The closing risks ending the four-decade US-China relationship that started with Washington’s establishment of official diplomatic relations with the People’s Republic of China in 1979, according to Robert Daly, director of the Wilson Centre’s Kissinger Institute on China and the United States.
The standard international diplomatic way of dealing with people declared persona non grata “is to do it quietly or through public naming and shaming, but this process does not involve the closing of consulates, so this is a very serious escalation,” Daly said in an interview ahead of Pompeo’s speech. “There must have been an assumption that China would close one of America’s consulates.”
The recent speeches, together with the Houston order, Daly added, suggests that “if there is a strategy at play here, it’s one that is willing to consider the cancellation of diplomatic relations”.
In an interview with The New York Times on Wednesday, David Stilwell, the top East Asia official at the State Department singled out the consulate in Houston as having “a history of engaging in subversive behaviour”. Stilwell’s comments follow a string of indictments against Chinese nationals suspected of being active duty members of China’s People’s Liberation Army.
However, the consulate’s closing appeared uncertain after Houston Consul General Cai Wei told Politico that China was protesting the closure order and that his office would remain open “until further notice”.
“Today we are still operating normally, so we will see what will happen tomorrow,” Cai told Politico, declining to elaborate further.
Neither China’s embassy in Washington nor the Houston consulate responded to queries.

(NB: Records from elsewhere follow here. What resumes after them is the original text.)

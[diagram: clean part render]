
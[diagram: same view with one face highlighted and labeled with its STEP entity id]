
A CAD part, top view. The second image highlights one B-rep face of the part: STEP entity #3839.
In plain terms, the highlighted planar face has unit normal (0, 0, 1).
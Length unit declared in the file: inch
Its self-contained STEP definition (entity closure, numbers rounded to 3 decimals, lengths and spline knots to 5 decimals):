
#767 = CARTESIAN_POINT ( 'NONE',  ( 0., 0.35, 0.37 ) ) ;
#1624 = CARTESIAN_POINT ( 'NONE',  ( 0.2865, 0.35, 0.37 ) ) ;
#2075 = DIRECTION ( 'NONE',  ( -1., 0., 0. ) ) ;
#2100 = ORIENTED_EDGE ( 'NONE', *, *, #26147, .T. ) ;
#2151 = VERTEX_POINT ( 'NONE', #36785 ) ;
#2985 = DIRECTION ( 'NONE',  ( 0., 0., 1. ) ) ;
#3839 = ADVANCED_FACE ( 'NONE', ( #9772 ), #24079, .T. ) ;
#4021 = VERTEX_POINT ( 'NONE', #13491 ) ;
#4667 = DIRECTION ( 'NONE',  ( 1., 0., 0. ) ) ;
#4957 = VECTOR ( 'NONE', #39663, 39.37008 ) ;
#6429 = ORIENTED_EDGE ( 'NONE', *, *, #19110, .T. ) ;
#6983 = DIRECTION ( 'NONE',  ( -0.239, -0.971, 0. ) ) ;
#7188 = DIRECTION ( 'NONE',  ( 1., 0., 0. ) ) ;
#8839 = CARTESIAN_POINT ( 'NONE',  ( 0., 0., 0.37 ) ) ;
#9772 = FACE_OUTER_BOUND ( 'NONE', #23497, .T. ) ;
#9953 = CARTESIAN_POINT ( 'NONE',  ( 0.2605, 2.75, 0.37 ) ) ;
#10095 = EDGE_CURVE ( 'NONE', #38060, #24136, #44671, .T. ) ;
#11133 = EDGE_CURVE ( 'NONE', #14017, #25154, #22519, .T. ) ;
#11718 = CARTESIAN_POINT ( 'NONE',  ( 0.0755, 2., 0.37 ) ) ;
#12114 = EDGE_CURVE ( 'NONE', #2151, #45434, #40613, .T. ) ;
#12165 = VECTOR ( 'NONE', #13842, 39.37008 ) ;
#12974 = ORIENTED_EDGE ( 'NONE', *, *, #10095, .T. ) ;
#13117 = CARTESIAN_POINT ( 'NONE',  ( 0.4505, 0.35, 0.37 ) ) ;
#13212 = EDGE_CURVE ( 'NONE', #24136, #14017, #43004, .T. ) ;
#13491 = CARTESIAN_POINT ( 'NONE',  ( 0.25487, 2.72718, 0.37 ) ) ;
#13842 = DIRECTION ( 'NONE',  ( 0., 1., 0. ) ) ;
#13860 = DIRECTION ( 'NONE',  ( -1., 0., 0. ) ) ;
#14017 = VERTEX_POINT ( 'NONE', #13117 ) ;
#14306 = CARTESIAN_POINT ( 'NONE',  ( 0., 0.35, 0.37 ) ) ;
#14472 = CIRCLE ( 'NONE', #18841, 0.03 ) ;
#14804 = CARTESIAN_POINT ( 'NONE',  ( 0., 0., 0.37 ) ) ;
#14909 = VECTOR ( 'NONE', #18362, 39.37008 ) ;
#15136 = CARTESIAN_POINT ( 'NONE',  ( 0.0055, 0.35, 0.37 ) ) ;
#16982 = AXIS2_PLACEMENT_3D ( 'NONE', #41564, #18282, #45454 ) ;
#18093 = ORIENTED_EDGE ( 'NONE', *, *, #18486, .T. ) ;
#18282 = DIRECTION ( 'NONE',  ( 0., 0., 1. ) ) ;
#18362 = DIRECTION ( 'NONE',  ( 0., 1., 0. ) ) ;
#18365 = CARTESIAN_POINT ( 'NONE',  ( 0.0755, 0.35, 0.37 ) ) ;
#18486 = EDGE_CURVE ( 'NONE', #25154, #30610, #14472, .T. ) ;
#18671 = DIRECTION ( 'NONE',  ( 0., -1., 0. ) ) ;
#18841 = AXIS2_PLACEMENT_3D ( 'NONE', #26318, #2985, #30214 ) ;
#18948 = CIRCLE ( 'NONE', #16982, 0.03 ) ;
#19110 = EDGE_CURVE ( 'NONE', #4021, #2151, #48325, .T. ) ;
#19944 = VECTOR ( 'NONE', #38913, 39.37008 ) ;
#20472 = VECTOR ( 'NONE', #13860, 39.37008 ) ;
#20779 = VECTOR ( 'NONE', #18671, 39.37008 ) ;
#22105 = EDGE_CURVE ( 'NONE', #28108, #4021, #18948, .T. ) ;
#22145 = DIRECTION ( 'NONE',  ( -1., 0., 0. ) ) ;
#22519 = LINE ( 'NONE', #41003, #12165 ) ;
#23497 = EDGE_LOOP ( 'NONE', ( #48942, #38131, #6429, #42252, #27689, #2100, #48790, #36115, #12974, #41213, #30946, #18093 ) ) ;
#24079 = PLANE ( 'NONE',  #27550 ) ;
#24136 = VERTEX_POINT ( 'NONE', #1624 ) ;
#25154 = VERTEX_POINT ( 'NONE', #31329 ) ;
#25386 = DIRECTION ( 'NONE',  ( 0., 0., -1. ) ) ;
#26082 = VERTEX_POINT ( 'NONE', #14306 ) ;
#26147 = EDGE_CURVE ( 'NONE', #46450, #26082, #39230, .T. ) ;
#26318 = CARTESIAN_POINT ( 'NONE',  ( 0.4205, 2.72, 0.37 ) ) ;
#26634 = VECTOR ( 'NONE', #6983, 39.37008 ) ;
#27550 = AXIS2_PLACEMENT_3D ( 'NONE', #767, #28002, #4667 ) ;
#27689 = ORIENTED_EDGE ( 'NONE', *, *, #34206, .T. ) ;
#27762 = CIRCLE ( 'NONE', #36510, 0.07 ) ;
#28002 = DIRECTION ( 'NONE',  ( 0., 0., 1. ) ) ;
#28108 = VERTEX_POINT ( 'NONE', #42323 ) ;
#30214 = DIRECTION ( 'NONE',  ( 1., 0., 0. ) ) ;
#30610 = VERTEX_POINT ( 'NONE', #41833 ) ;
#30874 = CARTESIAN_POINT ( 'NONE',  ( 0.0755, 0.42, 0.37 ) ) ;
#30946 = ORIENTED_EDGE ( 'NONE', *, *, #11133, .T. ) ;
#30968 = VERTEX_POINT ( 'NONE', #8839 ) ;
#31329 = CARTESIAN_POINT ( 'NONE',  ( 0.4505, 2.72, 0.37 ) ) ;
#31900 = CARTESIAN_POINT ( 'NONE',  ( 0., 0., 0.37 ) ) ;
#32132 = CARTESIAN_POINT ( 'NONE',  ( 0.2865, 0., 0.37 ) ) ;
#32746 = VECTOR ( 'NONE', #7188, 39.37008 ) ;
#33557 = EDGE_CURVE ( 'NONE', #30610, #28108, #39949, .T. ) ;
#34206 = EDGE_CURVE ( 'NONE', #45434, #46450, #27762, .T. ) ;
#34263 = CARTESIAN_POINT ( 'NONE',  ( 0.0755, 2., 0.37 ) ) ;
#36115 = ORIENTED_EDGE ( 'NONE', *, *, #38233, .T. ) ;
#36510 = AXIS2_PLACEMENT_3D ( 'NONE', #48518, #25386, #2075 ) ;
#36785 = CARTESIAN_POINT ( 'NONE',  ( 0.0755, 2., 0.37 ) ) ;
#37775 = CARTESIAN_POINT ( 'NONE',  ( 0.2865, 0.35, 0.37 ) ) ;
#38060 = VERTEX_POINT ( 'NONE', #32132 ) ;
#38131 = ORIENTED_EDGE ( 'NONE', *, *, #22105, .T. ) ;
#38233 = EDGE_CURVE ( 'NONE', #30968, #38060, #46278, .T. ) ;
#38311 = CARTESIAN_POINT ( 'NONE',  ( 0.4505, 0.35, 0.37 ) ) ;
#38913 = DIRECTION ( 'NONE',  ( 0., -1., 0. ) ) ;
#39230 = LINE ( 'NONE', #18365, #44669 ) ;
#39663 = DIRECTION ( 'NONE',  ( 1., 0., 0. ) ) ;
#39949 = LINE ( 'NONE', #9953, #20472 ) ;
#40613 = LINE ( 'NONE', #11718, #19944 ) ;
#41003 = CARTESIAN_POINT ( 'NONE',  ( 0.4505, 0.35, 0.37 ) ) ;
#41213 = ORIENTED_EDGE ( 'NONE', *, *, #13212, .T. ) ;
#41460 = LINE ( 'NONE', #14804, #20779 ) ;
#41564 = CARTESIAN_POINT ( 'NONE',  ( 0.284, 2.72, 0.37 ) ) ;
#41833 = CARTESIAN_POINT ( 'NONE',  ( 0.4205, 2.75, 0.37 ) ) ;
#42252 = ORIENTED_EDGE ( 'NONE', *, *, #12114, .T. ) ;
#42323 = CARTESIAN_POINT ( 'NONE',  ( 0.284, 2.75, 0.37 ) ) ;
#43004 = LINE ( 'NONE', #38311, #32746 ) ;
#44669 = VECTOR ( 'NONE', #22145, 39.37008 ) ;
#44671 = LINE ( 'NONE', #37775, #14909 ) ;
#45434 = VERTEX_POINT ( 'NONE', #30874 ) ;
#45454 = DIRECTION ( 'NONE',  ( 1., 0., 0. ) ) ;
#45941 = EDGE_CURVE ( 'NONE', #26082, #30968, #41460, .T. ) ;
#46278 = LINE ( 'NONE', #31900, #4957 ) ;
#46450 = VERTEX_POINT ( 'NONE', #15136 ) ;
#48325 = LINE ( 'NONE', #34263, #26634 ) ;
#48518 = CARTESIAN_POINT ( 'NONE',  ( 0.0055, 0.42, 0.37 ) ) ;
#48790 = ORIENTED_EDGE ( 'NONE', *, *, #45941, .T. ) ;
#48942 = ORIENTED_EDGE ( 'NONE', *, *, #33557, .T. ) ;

Addressing a question about arms control in an interview with radio host Hugh Hewitt after the speech, Pompeo called China “a serious global power” and said talks with Beijing could achieve a positive outcome.
“We had arms control agreements with the Soviet Union and we got verification that was sufficient to ensure that we protected American interests,” he said. “I believe we can do it again.”
“The Chinese Communist Party has several hundred nuclear warheads,” Pompeo added. “This is a serious global power, and to the extent we can find common ground, a common set of understandings to reduce risk that there's ever a really bad day for the world, we ought to do it, and it's going to require agreement and verification.”
Pompeo acknowledged the coming 50th anniversary of then-national security adviser Henry Kissinger’s trip to Beijing in 1971, which paved the way for Nixon’s trip months later and the eventual establishment of formal US-China relations.
“The world was much different in Nixon’s era,” Pompeo said. “We imagined engagement with China would produce a future bright with the promise of comity and cooperation.”
“But today we’re all still wearing masks and watching the pandemic’s body count rise because the CCP failed in its promises to the world,” he added.
“We’re reading every morning new headlines of repression in Hong Kong and in Xinjiang. We’re seeing staggering statistics of Chinese trade abuses that cost American jobs and strike enormous blows to the economies all across America. We’re watching the Chinese military grow stronger and indeed more menacing.”